**Problem details:** Give back a single figure: the number of lines in the entries below that contain "Pitch".

[Dataset excerpts]
· · · ·
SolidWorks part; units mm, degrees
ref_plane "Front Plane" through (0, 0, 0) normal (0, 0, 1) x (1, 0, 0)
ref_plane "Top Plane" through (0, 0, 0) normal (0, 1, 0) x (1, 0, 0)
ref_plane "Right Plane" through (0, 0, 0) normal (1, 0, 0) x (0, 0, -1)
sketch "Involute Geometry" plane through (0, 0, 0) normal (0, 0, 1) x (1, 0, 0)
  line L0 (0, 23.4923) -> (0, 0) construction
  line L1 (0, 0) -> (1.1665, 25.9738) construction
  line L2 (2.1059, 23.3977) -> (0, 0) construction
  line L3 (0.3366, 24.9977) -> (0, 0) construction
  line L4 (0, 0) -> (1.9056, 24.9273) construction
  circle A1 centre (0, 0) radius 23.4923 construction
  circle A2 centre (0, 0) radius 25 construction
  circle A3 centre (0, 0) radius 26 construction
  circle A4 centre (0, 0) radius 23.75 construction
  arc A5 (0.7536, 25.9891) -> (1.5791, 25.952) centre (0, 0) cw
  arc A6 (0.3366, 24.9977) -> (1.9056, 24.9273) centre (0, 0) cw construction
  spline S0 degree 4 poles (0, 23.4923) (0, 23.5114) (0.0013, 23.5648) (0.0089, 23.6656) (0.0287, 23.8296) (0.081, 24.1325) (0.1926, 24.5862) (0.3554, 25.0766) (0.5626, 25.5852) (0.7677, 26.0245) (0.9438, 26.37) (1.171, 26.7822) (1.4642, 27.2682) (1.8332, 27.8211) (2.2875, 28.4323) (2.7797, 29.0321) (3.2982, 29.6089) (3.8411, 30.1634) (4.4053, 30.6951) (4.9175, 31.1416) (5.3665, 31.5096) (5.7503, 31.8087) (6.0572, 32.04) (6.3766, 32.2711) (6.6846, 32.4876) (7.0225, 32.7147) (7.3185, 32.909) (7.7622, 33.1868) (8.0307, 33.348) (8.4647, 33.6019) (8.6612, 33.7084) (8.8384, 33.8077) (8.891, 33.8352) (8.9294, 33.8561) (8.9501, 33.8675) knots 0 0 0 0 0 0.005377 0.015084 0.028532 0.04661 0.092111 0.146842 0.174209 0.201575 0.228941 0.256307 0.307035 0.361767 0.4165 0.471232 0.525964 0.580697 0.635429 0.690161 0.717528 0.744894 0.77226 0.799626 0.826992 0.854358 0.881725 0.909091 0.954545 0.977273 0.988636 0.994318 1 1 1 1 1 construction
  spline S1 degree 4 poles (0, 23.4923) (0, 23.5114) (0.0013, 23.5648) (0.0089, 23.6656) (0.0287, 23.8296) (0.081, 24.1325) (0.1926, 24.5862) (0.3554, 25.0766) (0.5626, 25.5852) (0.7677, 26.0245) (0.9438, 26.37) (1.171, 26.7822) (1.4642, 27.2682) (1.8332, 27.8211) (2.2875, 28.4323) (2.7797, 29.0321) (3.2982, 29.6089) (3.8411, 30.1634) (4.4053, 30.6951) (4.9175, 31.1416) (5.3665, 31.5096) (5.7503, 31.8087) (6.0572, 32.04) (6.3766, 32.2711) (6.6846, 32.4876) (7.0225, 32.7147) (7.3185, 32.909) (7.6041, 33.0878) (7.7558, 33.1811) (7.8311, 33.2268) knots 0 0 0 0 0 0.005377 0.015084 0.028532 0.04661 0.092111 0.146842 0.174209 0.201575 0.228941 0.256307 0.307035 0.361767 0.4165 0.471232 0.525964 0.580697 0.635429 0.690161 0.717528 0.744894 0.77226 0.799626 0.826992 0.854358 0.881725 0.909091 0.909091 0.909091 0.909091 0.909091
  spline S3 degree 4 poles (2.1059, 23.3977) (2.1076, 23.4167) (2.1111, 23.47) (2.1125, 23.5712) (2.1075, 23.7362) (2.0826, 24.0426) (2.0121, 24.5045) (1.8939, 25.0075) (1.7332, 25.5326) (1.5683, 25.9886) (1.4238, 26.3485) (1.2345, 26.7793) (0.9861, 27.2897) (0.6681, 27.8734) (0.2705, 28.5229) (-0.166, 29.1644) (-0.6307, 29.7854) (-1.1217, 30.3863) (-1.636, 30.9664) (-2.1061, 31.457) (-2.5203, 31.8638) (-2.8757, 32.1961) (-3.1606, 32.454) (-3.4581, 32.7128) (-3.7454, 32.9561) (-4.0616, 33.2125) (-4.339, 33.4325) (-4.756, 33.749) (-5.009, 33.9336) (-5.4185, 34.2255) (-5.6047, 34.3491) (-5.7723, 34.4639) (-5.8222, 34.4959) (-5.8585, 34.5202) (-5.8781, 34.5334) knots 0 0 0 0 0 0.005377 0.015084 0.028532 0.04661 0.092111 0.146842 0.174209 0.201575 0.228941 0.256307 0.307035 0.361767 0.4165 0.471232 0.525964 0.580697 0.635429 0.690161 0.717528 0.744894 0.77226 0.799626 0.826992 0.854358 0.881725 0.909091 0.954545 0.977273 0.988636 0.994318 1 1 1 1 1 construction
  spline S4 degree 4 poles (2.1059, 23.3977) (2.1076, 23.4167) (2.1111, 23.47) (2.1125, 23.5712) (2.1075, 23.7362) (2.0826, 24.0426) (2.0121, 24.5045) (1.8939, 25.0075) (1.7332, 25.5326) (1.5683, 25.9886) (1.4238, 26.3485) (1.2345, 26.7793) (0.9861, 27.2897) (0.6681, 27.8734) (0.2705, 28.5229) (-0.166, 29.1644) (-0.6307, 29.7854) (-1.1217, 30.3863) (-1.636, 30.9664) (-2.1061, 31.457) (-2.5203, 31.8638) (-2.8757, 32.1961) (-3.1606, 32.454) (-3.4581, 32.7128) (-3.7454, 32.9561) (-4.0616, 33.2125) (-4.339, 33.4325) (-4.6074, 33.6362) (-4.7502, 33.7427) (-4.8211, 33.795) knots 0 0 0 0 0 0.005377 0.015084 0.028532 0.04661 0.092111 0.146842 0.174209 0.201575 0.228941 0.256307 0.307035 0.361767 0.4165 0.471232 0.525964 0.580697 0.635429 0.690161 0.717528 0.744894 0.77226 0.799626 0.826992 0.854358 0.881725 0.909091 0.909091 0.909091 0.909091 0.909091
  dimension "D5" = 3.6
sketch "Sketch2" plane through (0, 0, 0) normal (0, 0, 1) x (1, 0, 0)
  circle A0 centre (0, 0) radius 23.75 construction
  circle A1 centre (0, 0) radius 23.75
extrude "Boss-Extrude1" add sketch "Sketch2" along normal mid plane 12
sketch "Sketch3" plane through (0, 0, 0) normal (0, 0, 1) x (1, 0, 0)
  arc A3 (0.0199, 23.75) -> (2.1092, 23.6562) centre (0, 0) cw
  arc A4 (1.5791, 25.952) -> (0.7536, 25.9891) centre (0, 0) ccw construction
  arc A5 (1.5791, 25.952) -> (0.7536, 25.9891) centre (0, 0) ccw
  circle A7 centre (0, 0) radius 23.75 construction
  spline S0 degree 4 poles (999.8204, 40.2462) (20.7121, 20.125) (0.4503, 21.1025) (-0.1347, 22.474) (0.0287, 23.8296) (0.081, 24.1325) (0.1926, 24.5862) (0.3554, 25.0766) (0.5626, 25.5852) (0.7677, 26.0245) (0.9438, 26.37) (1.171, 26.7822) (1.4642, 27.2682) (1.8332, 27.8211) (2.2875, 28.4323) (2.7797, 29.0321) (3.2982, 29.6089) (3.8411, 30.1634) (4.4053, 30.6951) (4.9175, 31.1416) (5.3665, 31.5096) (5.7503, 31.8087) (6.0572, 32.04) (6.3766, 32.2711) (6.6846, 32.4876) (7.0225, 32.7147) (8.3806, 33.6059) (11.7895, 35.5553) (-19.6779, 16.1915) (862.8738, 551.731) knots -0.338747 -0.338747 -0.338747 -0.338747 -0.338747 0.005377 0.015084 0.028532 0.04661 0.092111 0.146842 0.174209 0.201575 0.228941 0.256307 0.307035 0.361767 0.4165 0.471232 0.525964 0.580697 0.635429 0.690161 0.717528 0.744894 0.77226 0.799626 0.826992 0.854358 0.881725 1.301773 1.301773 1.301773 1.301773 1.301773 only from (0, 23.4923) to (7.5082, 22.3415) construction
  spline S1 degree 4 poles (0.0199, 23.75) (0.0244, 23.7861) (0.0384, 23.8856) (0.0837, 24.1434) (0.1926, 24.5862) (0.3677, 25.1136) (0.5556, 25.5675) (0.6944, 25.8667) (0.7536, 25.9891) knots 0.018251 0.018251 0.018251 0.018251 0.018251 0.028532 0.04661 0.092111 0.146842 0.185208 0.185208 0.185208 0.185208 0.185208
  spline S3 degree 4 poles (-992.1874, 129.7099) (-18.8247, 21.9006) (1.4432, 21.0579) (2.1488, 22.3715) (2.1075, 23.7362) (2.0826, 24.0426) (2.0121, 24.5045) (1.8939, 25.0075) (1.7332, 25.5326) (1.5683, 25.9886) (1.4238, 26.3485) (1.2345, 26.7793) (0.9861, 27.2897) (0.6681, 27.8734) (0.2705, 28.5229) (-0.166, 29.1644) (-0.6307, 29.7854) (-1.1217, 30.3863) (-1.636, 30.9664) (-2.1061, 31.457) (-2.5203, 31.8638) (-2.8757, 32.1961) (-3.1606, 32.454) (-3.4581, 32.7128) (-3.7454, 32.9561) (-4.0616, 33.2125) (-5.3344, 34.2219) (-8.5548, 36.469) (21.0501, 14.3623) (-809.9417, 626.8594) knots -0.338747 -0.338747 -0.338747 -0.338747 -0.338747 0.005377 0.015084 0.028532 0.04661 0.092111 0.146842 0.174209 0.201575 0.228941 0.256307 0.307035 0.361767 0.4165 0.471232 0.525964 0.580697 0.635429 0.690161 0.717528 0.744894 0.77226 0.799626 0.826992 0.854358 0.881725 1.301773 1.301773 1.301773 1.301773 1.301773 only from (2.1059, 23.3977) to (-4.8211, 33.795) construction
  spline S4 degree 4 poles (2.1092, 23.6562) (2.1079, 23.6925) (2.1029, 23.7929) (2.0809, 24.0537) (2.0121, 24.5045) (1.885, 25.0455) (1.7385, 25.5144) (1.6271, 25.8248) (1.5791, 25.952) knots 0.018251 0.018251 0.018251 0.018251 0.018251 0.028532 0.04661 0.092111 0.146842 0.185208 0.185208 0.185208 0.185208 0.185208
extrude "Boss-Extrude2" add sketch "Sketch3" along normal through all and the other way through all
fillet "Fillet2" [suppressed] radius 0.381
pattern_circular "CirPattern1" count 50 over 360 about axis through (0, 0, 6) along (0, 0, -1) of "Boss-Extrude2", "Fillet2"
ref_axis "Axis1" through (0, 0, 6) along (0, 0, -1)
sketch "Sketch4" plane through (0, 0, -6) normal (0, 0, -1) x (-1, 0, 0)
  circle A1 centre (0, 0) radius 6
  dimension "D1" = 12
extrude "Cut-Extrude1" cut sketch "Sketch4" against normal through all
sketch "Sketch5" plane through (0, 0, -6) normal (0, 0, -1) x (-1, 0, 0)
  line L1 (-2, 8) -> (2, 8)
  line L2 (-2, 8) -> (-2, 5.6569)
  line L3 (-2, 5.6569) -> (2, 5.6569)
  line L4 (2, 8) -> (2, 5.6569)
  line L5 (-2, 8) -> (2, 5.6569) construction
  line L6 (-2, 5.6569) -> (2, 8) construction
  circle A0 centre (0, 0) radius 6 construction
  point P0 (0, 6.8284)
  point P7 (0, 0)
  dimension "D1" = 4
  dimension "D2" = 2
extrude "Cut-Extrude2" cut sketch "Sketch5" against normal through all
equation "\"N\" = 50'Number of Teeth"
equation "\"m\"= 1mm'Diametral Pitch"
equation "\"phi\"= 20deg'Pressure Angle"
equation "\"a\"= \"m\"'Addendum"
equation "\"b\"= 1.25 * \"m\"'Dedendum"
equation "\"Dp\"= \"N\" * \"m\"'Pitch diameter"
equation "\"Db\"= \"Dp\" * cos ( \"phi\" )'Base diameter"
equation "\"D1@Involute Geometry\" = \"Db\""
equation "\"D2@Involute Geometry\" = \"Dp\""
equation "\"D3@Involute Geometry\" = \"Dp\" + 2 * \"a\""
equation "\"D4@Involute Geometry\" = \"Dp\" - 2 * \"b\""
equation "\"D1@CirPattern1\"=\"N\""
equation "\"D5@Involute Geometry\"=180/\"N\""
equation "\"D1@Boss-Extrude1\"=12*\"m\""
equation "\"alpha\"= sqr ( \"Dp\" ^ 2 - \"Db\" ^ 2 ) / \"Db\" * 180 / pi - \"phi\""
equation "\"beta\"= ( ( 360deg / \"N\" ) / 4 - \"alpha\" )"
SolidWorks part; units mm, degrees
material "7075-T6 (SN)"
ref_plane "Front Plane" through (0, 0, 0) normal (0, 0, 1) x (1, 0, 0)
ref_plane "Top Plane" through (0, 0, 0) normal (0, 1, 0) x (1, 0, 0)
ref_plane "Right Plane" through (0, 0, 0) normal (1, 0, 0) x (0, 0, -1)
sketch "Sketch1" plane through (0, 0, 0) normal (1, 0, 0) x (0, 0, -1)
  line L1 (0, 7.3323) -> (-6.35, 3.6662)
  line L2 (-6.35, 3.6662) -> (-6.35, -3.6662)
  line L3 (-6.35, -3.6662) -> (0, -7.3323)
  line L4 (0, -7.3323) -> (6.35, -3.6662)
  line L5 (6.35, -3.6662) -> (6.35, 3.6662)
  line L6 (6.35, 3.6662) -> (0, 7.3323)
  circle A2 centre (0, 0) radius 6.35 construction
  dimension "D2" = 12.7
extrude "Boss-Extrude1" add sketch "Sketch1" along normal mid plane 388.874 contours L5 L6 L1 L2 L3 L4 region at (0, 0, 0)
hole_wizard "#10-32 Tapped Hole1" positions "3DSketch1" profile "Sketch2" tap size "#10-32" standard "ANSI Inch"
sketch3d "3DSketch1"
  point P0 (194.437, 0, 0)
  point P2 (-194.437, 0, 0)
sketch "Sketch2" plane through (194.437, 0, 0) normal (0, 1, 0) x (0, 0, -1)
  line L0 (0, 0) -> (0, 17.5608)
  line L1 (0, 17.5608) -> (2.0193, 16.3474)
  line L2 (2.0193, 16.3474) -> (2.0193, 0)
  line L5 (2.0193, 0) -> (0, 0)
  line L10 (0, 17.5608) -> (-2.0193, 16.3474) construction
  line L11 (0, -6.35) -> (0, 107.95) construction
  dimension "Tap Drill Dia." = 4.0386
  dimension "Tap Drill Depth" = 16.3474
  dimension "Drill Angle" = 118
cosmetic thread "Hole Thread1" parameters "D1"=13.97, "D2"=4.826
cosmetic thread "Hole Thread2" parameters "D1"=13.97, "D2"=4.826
· · · ·
**Response to this task:** 2